What needs to be done
From the material below, copy out each line with the word "VECTOR" in it.

Given data
◇ ◇ ◇

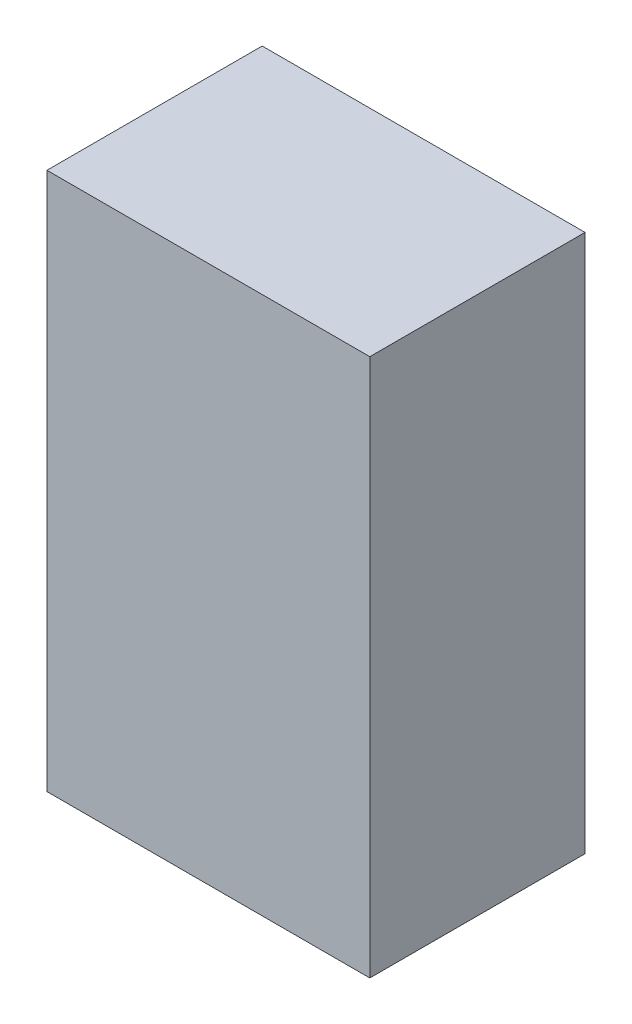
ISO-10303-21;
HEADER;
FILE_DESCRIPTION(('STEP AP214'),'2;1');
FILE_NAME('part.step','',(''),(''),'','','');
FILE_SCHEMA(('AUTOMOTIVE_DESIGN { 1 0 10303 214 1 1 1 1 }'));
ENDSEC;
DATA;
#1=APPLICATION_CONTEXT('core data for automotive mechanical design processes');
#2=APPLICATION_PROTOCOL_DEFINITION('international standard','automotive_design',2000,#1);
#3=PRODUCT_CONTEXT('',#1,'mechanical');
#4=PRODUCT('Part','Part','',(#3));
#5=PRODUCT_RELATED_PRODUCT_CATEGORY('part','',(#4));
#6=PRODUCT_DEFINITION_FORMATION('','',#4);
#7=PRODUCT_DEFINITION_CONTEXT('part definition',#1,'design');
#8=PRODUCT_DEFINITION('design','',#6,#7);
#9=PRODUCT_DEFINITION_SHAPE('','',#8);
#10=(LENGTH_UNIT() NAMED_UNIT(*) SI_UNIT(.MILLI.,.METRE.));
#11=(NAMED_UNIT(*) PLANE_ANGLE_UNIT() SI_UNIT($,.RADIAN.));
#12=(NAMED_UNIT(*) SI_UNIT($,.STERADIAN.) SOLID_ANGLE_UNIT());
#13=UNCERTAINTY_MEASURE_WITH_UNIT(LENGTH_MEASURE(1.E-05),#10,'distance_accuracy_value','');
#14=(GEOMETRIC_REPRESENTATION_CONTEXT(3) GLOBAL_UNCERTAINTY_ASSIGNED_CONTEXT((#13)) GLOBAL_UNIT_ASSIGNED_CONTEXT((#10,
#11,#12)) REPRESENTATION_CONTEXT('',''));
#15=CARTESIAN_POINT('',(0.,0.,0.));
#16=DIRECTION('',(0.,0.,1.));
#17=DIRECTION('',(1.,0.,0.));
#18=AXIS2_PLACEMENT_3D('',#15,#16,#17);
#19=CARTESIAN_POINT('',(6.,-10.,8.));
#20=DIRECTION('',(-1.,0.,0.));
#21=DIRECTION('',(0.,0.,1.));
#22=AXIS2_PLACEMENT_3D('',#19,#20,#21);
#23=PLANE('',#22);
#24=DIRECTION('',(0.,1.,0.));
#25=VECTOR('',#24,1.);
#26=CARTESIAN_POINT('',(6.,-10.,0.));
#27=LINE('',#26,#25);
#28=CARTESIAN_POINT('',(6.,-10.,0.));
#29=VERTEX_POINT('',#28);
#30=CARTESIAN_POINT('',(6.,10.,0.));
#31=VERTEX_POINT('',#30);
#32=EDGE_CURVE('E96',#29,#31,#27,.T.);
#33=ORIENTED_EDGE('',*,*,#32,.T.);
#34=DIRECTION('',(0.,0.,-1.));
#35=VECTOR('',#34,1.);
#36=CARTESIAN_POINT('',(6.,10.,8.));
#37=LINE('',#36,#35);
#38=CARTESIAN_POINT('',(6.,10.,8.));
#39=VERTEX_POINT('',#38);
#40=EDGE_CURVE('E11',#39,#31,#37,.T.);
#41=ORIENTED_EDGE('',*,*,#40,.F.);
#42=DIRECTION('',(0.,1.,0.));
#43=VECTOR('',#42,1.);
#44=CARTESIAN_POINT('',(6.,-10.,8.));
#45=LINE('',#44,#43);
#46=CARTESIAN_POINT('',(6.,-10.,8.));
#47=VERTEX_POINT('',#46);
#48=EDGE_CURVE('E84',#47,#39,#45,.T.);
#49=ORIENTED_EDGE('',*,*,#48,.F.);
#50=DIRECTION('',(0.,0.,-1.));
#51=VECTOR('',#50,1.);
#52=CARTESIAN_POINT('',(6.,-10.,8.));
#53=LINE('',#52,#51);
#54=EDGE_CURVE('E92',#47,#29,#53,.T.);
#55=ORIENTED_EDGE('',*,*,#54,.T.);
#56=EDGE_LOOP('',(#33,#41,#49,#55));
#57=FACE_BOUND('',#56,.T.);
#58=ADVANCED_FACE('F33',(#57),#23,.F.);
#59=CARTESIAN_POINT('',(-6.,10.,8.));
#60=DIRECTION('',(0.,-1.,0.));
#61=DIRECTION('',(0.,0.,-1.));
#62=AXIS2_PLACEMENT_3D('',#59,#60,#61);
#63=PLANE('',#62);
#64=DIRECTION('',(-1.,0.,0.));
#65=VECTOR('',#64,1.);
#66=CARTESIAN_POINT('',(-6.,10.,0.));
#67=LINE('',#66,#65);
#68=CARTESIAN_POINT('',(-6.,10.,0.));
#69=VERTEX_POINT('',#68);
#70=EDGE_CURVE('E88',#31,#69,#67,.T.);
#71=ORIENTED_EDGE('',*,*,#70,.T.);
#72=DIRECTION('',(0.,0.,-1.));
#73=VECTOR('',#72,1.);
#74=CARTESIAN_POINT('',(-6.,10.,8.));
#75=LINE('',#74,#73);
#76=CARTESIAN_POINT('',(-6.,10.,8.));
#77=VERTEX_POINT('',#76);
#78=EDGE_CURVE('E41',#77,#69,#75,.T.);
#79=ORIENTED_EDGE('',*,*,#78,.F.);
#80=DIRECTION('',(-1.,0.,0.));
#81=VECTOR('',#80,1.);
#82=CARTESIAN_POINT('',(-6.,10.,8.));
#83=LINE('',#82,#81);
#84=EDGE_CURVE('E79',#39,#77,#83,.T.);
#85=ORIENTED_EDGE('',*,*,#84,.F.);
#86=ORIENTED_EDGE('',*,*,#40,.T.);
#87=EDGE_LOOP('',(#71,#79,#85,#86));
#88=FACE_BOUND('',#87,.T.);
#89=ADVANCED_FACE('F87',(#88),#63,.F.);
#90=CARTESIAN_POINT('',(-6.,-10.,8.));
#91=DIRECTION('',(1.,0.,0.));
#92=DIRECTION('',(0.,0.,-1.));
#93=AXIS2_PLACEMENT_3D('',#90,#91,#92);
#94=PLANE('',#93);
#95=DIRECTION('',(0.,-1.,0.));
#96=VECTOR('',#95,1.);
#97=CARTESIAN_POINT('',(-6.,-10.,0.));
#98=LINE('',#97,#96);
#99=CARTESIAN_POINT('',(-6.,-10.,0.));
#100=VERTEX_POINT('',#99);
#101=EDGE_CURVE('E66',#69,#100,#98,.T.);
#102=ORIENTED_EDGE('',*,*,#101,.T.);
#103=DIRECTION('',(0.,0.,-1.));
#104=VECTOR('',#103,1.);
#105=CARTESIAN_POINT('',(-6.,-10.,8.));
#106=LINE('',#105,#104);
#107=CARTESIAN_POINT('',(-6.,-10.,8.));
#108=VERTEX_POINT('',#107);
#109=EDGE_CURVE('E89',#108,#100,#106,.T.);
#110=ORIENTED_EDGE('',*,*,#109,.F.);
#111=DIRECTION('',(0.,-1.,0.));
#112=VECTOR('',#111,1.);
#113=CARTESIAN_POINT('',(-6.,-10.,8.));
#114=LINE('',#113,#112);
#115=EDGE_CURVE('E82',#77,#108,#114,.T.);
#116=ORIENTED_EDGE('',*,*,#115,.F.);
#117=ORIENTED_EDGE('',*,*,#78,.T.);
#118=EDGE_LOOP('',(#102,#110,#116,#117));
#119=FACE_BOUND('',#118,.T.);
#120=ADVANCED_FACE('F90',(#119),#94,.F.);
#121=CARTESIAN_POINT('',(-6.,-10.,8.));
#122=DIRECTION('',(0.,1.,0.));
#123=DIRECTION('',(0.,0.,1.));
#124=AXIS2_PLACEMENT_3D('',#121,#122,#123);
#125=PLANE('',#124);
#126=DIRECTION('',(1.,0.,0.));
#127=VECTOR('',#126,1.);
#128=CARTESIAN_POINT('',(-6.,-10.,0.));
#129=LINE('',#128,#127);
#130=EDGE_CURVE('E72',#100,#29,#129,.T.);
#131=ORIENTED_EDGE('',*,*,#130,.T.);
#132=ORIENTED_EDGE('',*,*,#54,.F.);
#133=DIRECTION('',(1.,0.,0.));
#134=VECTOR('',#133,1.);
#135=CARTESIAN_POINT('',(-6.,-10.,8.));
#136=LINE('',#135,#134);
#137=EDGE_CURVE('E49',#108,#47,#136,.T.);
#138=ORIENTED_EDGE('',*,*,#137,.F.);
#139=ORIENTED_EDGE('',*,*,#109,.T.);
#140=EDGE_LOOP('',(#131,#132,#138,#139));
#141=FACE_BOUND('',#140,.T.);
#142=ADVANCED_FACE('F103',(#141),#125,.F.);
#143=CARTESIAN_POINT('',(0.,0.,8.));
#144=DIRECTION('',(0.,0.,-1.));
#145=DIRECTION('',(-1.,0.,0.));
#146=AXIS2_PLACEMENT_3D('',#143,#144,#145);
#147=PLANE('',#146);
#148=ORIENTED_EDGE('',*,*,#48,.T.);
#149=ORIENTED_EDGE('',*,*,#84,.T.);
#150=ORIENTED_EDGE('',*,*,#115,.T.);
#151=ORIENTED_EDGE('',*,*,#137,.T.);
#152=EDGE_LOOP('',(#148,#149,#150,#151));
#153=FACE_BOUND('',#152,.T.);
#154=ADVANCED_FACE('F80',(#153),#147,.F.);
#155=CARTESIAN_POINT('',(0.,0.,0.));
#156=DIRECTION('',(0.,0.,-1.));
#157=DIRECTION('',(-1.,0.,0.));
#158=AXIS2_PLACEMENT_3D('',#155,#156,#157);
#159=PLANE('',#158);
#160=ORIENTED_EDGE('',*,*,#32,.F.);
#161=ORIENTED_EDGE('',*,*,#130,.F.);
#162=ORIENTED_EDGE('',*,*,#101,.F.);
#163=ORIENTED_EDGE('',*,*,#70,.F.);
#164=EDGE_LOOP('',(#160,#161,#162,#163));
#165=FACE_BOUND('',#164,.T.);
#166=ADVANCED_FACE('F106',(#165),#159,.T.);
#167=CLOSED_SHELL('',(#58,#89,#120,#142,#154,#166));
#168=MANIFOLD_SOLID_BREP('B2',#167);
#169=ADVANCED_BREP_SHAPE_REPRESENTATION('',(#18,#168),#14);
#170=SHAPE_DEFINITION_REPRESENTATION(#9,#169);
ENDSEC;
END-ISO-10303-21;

◇ ◇ ◇

Your response
#25=VECTOR('',#24,1.);
#35=VECTOR('',#34,1.);
#43=VECTOR('',#42,1.);
#51=VECTOR('',#50,1.);
#65=VECTOR('',#64,1.);
#73=VECTOR('',#72,1.);
#81=VECTOR('',#80,1.);
#96=VECTOR('',#95,1.);
#104=VECTOR('',#103,1.);
#112=VECTOR('',#111,1.);
#127=VECTOR('',#126,1.);
#134=VECTOR('',#133,1.);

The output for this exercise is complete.